Ende 2017 lädt er seinen Song "Bruises" ins Internet, erwächst dank Überraschungserfolg binnen weniger Monate zur neuen britischen Pop-Hoffnung und wird bald mit Awards überhäuft. Vergleiche mit Adele werden laut, deren Powerballade "Someone Like You" seit einem guten Jahrzehnt beinahe Leitmotiv für Pop-Produktionen von der Insel ist. Doch Capaldi findet, weniger ist mehr. "Für mich misst sich ein guter Song daran, ob du ihn unter simplen Bedingungen spielen kannst und er immer noch die gleiche Wirkung hat", sagte er einmal. Die Durchschlagskraft der Reduktion. Etwas, das Kneipenmusiker sagen.

Stadion-Ästhetik fürs Wohnzimmer

Umso bedauernswerter ist es, dass das erste Album des Singer-Songwriters kaum auf solche Momente setzt. Wieder kehren die Briten zur "Someone Like You"-Formel aus schwermütigen Klavierakkorden und vorgeblich schmerzerfüllten Gesangseinlagen zurück, die den Charme eines verrauchten Pubs ins Ohr tragen sollen. Wie auch schon Rag'N'Bone Man ("Human"), James Arthur ("Say You Won't Let Go") oder George Ezra ("Shotgun") wird Capaldis krächzendes Timbre in aufpolierten Weichspüler-Arrangements inszeniert. Kein Wunder, standen doch Produzenten wie TMS (Lilly Allen, Birdy), David Sneddon (Hurts, Lana Del Rey) oder Malay (Frank Ocean, Alicia Keys) hinter den Mischpulten für die zwölf Lieder. Allesamt Spezialisten der Stadion-Ästhetik fürs Wohnzimmer.

Schon der Eröffnungstitel "Grace", eine Ode an die bittersüße Angst vor einer beginnenden Liebesbeziehung, bedient sich jener großspurigen Emotionalität, die das Radioprogramm seit Jahren dominiert. Es wird geschrien, geschluchzt und geweint auf den herzzerreißenden Lovesongs, die den Großteil der LP ausmachen. "Every day, I'm a slave to the heartache", singt Capaldi etwa auf "Lost On You", das - welch Überraschung - ein Pianostück ist. Auch Titel wie "Hold Me While You Wait", "Forever", "One" und "Fade" arbeiten sich an dieser Idee ab.
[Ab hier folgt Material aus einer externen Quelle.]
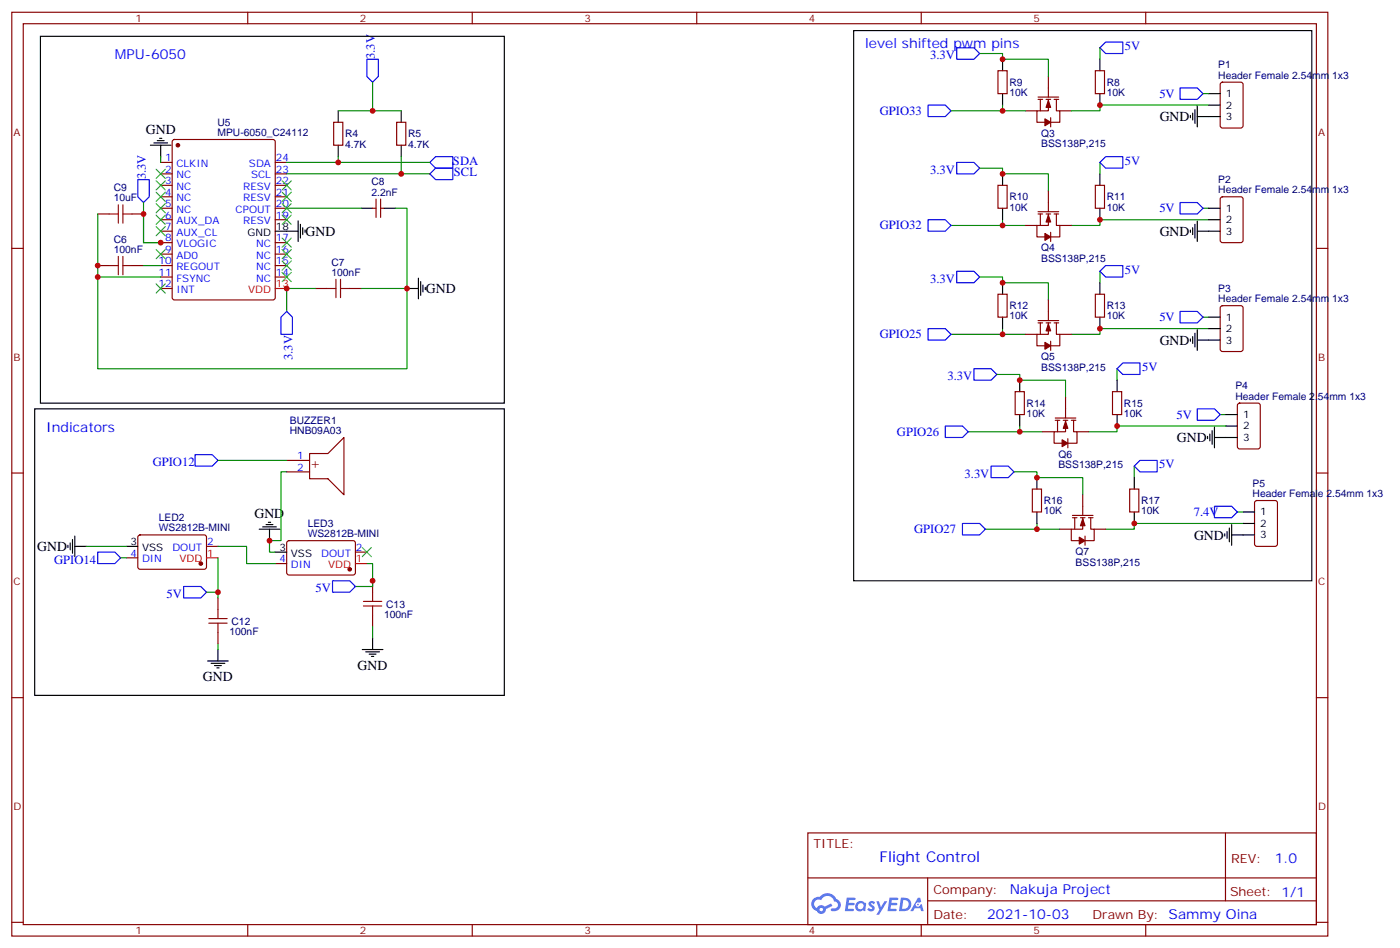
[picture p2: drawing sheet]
<svg xmlns="http://www.w3.org/2000/svg" width="431mm" height="292mm" viewBox="0 0 431 292" stroke-linecap="round" stroke-linejoin="round" font-family="sans-serif">
<g fill="none" stroke="#870000" stroke-width=".35">
<path d="M3.6 3.8h405.4v284.3h-405.4zM7.2 7.3h398.2v277.3h-398.2zM76.3 3.8v3.5M145.5 3.8v3.5M214.6 3.8v3.5M283.7 3.8v3.5M352.9 3.8v3.5M3.6 76.4h3.6M405.4 76.4h3.6M3.6 145.6h3.6M405.4 145.6h3.6M3.6 214.7h3.6"/>
<path d="M405.4 214.7h3.6M248.8 256.4h156.6v28.2h-156.6zM377.4 256.4v20.9M248.8 270.2h156.5M285.7 277.3h119.6M285.7 270.2v14.1M3.6 283.9h3.6M76.3 284.6v3.5M145.5 284.6v3.5M214.6 284.6v3.5M283.7 284.6v3.5M352.9 284.6v3.5"/>
<path d="M405.4 283.9h3.6"/>
</g>
<g fill="#5487ff">
<path d="M267.8 277.5a1.22 1.22 0 0 1 1.7 .3l-.4 .6a.47 .47 0 0 0-.3-.4 .47 .47 0 0 0-.5 .2l.2 .2a1.14 1.14 0 0 1 .7 1.7 1.14 1.14 0 0 1-1.9 0l-.2-.2 .5-.5 .7 .4a.29 .29 0 0 0 .4-.2 .29 .29 0 0 0-.3-.4 1.04 1.04 0 0 1-.6-1.7z"/>
<path d="M260.8 276.3h2.4l.3 .2-.1 .5h-1.9l-.1 .9h1.5l.4 .4-.4 .3h-1.6l-.2 1.1 1.8 .1 .1 .3-.1 .3h-2.7z"/>
<path d="M274 276.3h2.3l.3 .2-.1 .5h-1.8l-.1 .9h1.5l.3 .4-.4 .3h-1.6l-.1 1.1 1.7 .1 .2 .3-.2 .3h-2.6z"/>
<path d="M282.7 276.3h.7l.3 1.2-.6 .4a.69 .69 0 0 0-1 .2 .69 .69 0 0 0 .5 1 .69 .69 0 0 0 .8-.6l.5-.3 .6 2.2h-.8l-.2-.8h-1.8l-.5 .8h-.8z"/>
<path d="M269.9 277.4h.8l.6 1.8 1.1-1.8h.9l-2.6 4.2h-.8l.9-1.6z"/>
<path d="M277.5 276.3l-.6 4.1h1.3a2.11 2.11 0 0 0 2.5-2.1 2.11 2.11 0 0 0-2.5-2zM278.2 277a1.43 1.43 0 0 1 1.6 1.6 1.43 1.43 0 0 1-2 1.1z"/>
<path d="M263.8 277.9a1.54 1.54 0 0 0-.1 2.2 1.54 1.54 0 0 0 2.2 .1l.6 .2 .3-2.3-.6-.2a1.49 1.49 0 0 0-2.4 0zM264.1 278.9a.94 .94 0 0 1 1.8 0 .94 .94 0 0 1-1.8 0z"/>
<path d="M250.5 276.7a2.18 2.18 0 0 0 1.1 3.7 1.44 1.44 0 0 0 1.6 .9 1.44 1.44 0 0 0 1.2-1.5l2-1-.5-.7-1.9 .9a1.47 1.47 0 0 0-2.4 .5 1.39 1.39 0 0 1-.7-2 1.39 1.39 0 0 1 2-.4 2.12 2.12 0 0 1 2.2-1.3 2.12 2.12 0 0 1 1.9 1.7 1.14 1.14 0 0 1 1.1 1.4 1.14 1.14 0 0 1-1.7 .7 .43 .43 0 0 0-.5 .4 .43 .43 0 0 0 .4 .5 1.98 1.98 0 0 0 2.5-1.3 1.98 1.98 0 0 0-1.2-2.5 3.1 3.1 0 0 0-5.3-.7l-.9 .1zM252.4 280a.55 .55 0 0 1 1.1 0 .55 .55 0 0 1-1.1 0z"/>
<circle cx="282.7" cy="278.4" r=".26"/>
</g>
<g fill="none" stroke="#870000" stroke-width=".35">
<path d="M102.8 37.6h2.8v7.1h-2.8zM122.2 37.6h2.8v7.1h-2.8zM307.4 21.8h2.8v7h-2.8zM315.8 34.1h3.6M319.7 29.9h6.4M319.7 30.6h1.4M320.4 30.6v3.5M322.2 30.6h1.4M322.9 30.6v3.5h-3.5v3.5h2.4M322.9 23.5v6.4M323.6 36.2v2.9M324.7 30.6h1.4"/>
<path d="M325.4 30.6v3.5h1v3.5h-2.8M326.4 34.1h3.6M337.4 21.8h2.8v7h-2.8zM376 25.5l.5-.2h5.7l.6 .4 .1 13-.5 .6-5.9 .1-.6-.5-.1-12.9zM49.5 50h3.5M49.5 53.5h3.5M49.5 57h3.5M53.3 43.1l.4-.2h30.4l.6 .5 .1 48.2-.5 .7h-30.6l-.6-.4-.1-48.3zM84.8 50h3.5M84.8 53.5h3.5M84.8 57h3.5M307.4 57h2.8v7.1h-2.8z"/>
<path d="M322.9 58.8v6.4M337.4 57h2.8v7.1h-2.8zM30.1 65.9h3.5M40.7 65.9h3.5M49.5 60.6h3.5M49.5 64.1h3.5M49.5 67.6h3.5M49.5 71.2h3.5M49.5 74.7h3.5M49.5 78.2h3.5M84.8 60.6h3.5M84.8 64.1h3.5"/>
<path d="M84.8 67.6h3.5M84.8 74.7h3.5M84.8 78.2h3.5M114.8 64.1h1M115.8 61.3v5.6M117.2 64.1h1.1M117.2 61.3v5.6M315.8 69.4h3.6M319.7 65.9h1.4M319.7 65.2h6.4M320.4 65.9v3.5M322.2 65.9h1.4"/>
<path d="M322.9 65.9v3.5h-3.5v3.5h2.4M323.6 71.5v2.8M324.7 65.9h1.4M325.4 65.9v3.5h1v3.5h-2.8M326.4 69.4h3.6M376 60.8l.5-.2h5.7l.6 .4 .1 13-.5 .6-5.9 .1-.6-.5-.1-12.9zM30.1 81.7h3.5M40.7 81.7h3.5M49.5 81.7h3.5M49.5 85.3h3.5M49.5 88.8h3.5M84.8 81.7h3.5"/>
<path d="M84.8 85.3h3.5M97.1 88.8h3.5M107.7 88.8h3.5M307.4 90.6h2.8v7h-2.8zM319.7 98.7h6.4M319.7 99.4h1.4M320.4 99.4v3.5M322.2 99.4h1.4M322.9 99.4v3.5h-3.5v3.5h2.4M322.9 92.3v6.4M324.7 99.4h1.4M325.4 99.4v3.5h1v3.5h-2.8"/>
<path d="M337.4 90.6h2.8v7h-2.8zM376 94.3l.5-.2h5.7l.6 .4 .1 13-.5 .6-5.9 .1-.6-.5-.1-12.9zM315.8 102.9h3.6M323.6 105v2.8M326.4 102.9h3.6M95.4 139.6h5.6l4.9-4.9v17.6l-4.9-4.9h-5.6zM312.7 120.5h2.8v7.1h-2.8zM321.1 132.9h3.6M325 128.7h6.4M325 129.4h1.4M325.7 129.4v3.5M327.5 129.4h1.4"/>
<path d="M328.2 129.4v3.5h-3.5v3.5h2.4M328.2 122.3v6.4M328.9 135v2.8M330 129.4h1.4M330.7 129.4v3.5h1v3.5h-2.8M331.7 132.9h3.5M342.7 120.5h2.8v7.1h-2.8zM381.3 124.3l.5-.2h5.7l.6 .4 .1 13-.5 .6-5.9 .1-.6-.5-.1-12.9zM88.3 141.7h7.1M88.3 145.2h7.1M318 150.5h2.8v7.1h-2.8zM330.3 158.6h6.4"/>
<path d="M330.3 159.3h1.4M331 159.3v3.6M332.8 159.3h1.4M333.5 159.3v3.6h-3.5v3.5h2.4M333.5 152.3v6.3M335.2 159.3h1.5M336 159.3v3.6h1v3.5h-2.8M347.9 150.5h2.9v7.1h-2.9zM386.6 154.3l.5-.2h5.6l.7 .4 .1 13-.5 .6-5.9 .1-.6-.5-.1-12.9zM38.9 171.7h3.5M42.7 164.8l.4-.2 20.1 .1 .4 .6-.1 9.5-.6 .4h-20l-.5-.7v-9.2zM63.6 168.2h3.5"/>
<path d="M84.8 173.5h3.5M88.5 166.6l.5-.2 20 .1 .5 .6-.1 9.5-.6 .4-20.1-.1-.4-.6v-9.2zM109.5 169.9h3.5M114.8 178.8v3.5M326.4 162.9h3.6M334.2 165v2.8M337 162.9h3.5M67.1 184v3.6M67.1 194.6v3.6M114.8 189.3v3.6"/>
</g>
<g fill="#870000" stroke="#870000" stroke-width=".35">
<path d="M322.9 30.9l.7 2.2h-1.4z"/>
<path d="M321.8 36.6l1.8 1-1.8 1.1z"/>
<path d="M322.9 66.2l.7 2.1h-1.4z"/>
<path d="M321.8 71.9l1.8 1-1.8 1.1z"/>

Lewis Capaldis Lieder auf seiner ersten LP sind nicht unaufrichtig. Sein Songwriting ist feinfühlig und stilisiert Nichtigkeiten zu Weltereignissen, wie es nur jemand kann, der lange Zeit Beobachter war - eben wie ein Begleitmusiker in einer Kneipe. Doch am Ende erinnert die kitschige Klavier-Vorstellung auf "Divinely Uninspired To A Hellish Extent" mehr an eine hippe Bar in Berlin, die sich durch Flohmarkt-Einrichtung an der Romantik der Arbeiterklasse bereichert, aber trotzdem Gin-Tonic für 15 Euro verkauft. Echte Persönlichkeit findet sich da nicht.